To do: Please go through the records below and return every line holding the word "construction".

### Supplied material ###

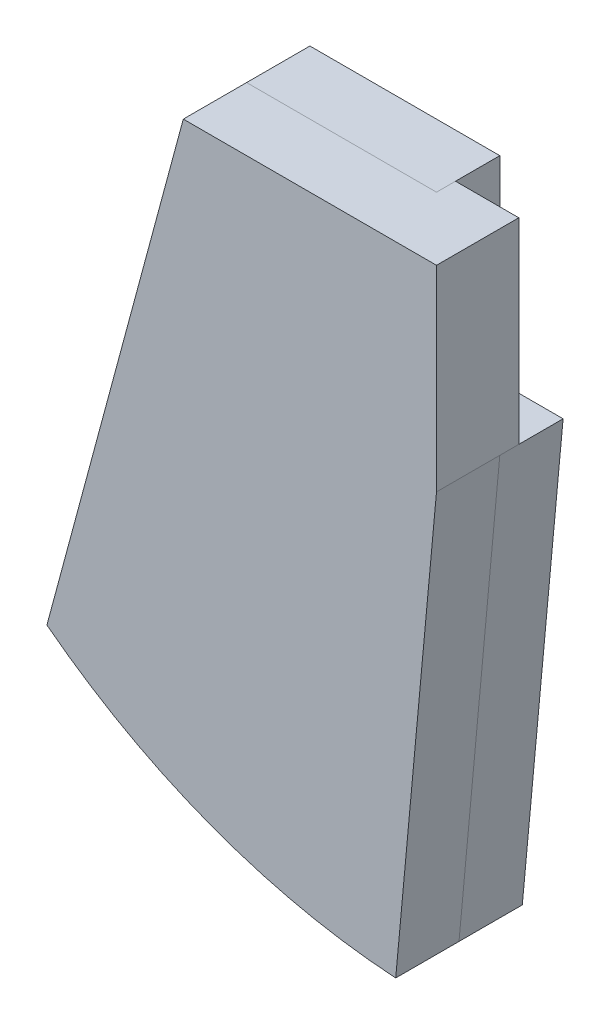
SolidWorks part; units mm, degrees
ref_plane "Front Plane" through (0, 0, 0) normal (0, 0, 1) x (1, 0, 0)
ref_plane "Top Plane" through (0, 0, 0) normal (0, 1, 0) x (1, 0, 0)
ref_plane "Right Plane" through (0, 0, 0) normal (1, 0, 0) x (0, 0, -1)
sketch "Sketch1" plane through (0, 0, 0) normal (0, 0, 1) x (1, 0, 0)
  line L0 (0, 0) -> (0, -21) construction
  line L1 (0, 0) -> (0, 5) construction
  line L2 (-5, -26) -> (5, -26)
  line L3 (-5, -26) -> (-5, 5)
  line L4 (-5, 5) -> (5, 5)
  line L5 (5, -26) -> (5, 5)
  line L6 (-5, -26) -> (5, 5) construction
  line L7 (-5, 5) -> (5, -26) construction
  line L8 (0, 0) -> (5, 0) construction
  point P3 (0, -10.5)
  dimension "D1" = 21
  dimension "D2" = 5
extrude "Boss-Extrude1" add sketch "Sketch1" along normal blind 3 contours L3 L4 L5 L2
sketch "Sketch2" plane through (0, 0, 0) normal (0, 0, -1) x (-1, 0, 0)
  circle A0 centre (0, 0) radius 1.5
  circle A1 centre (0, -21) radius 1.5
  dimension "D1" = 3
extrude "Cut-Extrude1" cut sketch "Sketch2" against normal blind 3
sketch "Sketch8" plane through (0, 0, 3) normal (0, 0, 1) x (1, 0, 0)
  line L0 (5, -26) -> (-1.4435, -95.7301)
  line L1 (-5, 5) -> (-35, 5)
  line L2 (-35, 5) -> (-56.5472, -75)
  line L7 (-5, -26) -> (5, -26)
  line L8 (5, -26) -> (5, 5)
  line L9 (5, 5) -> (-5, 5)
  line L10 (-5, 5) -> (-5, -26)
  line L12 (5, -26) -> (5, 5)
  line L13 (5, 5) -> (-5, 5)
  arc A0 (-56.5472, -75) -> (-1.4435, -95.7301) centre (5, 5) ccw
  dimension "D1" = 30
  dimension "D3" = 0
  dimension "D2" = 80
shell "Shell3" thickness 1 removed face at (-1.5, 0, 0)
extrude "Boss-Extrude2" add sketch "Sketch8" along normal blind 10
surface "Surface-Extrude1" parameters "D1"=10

###

Finished exercise:
  line L0 (0, 0) -> (0, -21) construction
  line L1 (0, 0) -> (0, 5) construction
  line L6 (-5, -26) -> (5, 5) construction
  line L7 (-5, 5) -> (5, -26) construction
  line L8 (0, 0) -> (5, 0) construction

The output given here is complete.